**PROBLEM STATEMENT:** Only the lines below between the ones containing "#46472 = DIRECTION" and "#52222 = DIRECTION", inclusive, are to be reproduced, each exactly as it stands.

**Stored data entries:**

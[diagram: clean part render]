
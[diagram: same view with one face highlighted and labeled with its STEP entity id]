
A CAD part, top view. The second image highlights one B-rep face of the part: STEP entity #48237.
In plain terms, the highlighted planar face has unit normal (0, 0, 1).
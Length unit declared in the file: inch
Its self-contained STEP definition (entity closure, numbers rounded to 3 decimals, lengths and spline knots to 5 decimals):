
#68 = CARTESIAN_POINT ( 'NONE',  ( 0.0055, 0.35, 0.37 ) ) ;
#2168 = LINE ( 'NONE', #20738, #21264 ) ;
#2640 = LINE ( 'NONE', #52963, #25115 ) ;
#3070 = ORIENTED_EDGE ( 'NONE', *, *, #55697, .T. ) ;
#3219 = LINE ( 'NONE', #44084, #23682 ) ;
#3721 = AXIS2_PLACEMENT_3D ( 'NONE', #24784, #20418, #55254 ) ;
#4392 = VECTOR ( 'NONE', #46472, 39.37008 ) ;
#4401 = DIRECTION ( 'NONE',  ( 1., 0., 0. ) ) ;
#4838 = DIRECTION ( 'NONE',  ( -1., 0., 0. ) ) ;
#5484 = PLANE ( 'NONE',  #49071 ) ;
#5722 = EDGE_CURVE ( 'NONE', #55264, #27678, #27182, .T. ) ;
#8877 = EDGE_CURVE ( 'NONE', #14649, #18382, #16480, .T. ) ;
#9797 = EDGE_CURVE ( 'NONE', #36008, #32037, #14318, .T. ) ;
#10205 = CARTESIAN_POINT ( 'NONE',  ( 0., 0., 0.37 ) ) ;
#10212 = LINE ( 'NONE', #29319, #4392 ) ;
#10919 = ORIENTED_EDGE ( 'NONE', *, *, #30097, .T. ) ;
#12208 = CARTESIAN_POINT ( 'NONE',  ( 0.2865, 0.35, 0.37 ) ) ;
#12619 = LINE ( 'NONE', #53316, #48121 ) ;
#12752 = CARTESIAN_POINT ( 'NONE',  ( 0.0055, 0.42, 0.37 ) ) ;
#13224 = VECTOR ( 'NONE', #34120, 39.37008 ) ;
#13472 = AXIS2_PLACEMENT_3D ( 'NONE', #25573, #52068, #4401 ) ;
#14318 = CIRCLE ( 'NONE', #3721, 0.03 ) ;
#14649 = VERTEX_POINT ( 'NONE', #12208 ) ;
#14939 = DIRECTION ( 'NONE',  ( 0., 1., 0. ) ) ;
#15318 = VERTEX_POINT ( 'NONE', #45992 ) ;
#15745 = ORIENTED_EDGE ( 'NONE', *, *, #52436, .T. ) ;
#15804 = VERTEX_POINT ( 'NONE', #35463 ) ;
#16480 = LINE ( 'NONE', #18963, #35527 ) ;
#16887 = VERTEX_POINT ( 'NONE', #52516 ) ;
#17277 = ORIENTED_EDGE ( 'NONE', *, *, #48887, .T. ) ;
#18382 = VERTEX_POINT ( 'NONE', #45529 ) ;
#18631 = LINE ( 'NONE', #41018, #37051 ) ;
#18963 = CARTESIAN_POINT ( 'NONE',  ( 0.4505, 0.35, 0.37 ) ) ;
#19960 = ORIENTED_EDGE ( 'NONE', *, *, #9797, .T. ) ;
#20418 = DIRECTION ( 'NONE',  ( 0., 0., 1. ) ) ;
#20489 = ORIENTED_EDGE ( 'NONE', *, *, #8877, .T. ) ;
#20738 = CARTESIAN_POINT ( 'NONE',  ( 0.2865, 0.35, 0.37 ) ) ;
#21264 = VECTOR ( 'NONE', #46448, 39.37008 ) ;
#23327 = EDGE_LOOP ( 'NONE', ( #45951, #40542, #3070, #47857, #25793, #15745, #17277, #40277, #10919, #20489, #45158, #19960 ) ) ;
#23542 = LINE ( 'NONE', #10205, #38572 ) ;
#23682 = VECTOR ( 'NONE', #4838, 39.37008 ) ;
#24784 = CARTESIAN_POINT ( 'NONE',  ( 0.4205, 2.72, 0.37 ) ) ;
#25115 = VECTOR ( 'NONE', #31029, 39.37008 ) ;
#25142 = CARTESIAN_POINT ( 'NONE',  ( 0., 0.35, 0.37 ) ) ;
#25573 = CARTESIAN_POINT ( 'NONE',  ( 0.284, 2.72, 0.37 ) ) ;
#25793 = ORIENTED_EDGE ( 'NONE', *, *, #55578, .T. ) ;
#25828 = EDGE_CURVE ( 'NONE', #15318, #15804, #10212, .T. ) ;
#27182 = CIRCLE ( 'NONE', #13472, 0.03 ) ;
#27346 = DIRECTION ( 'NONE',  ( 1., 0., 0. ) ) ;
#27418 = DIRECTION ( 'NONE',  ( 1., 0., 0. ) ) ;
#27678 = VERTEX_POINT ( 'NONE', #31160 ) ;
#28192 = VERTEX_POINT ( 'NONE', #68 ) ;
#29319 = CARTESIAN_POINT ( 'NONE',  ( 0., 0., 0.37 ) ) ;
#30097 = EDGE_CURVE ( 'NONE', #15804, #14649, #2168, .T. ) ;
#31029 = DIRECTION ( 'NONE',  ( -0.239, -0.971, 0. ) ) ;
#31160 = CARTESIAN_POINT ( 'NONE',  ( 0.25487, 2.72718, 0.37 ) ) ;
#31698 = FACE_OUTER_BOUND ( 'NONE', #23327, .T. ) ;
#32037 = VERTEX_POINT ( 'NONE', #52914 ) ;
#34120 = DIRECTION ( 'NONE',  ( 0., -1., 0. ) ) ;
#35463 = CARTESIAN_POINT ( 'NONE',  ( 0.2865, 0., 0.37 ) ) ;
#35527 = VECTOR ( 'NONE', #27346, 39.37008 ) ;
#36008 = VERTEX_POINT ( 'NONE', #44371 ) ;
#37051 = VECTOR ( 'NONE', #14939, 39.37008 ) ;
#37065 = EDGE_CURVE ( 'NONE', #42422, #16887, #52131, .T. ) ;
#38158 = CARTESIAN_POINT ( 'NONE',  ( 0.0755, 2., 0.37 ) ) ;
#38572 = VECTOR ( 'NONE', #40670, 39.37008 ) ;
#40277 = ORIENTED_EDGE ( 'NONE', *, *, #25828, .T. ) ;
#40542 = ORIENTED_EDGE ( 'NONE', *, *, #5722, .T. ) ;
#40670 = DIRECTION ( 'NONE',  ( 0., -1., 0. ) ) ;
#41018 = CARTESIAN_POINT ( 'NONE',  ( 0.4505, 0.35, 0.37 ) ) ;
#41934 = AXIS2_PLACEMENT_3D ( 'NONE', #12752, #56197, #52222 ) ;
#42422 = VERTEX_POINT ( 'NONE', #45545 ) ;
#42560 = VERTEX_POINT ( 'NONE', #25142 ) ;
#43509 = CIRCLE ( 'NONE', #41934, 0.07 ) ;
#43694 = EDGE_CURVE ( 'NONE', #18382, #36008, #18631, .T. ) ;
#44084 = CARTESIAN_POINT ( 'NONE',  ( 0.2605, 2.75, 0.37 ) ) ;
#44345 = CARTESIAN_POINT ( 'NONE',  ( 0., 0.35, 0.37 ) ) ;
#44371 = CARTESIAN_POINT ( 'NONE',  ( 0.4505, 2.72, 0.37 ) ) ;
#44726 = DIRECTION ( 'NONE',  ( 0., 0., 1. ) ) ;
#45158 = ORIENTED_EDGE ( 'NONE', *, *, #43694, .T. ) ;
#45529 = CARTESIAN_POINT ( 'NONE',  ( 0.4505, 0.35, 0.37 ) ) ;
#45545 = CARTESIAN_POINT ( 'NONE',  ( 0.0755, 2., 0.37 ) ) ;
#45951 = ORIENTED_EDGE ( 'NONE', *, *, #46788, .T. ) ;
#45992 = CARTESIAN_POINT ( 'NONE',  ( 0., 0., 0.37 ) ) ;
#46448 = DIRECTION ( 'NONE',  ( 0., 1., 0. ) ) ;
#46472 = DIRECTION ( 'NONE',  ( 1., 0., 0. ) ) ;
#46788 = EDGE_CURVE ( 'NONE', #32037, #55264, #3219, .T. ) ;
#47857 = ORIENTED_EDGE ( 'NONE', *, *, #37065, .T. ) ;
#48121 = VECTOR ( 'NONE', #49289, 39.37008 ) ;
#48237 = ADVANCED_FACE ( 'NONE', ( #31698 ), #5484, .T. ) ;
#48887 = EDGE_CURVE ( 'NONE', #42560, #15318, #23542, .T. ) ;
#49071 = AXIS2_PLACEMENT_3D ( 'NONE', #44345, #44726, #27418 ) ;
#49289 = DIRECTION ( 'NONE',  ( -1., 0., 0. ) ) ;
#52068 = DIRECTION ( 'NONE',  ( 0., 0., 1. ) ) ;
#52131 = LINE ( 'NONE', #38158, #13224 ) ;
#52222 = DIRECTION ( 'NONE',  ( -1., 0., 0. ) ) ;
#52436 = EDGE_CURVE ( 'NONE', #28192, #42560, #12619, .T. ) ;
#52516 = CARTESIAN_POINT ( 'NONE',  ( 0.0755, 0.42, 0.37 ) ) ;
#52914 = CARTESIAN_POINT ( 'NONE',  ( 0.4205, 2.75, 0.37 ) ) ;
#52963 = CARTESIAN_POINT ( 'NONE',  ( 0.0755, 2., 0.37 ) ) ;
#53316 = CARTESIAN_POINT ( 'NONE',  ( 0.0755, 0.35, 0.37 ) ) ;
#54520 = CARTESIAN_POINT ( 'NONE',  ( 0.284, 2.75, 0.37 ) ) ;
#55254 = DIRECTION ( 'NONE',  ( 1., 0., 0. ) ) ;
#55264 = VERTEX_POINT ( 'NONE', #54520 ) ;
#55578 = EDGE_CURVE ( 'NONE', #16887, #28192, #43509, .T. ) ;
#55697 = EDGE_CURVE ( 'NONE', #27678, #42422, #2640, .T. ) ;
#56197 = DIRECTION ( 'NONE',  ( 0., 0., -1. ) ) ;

**RESPONSE TO THE TASK:**
#46472 = DIRECTION ( 'NONE',  ( 1., 0., 0. ) ) ;
#46788 = EDGE_CURVE ( 'NONE', #32037, #55264, #3219, .T. ) ;
#47857 = ORIENTED_EDGE ( 'NONE', *, *, #37065, .T. ) ;
#48121 = VECTOR ( 'NONE', #49289, 39.37008 ) ;
#48237 = ADVANCED_FACE ( 'NONE', ( #31698 ), #5484, .T. ) ;
#48887 = EDGE_CURVE ( 'NONE', #42560, #15318, #23542, .T. ) ;
#49071 = AXIS2_PLACEMENT_3D ( 'NONE', #44345, #44726, #27418 ) ;
#49289 = DIRECTION ( 'NONE',  ( -1., 0., 0. ) ) ;
#52068 = DIRECTION ( 'NONE',  ( 0., 0., 1. ) ) ;
#52131 = LINE ( 'NONE', #38158, #13224 ) ;
#52222 = DIRECTION ( 'NONE',  ( -1., 0., 0. ) ) ;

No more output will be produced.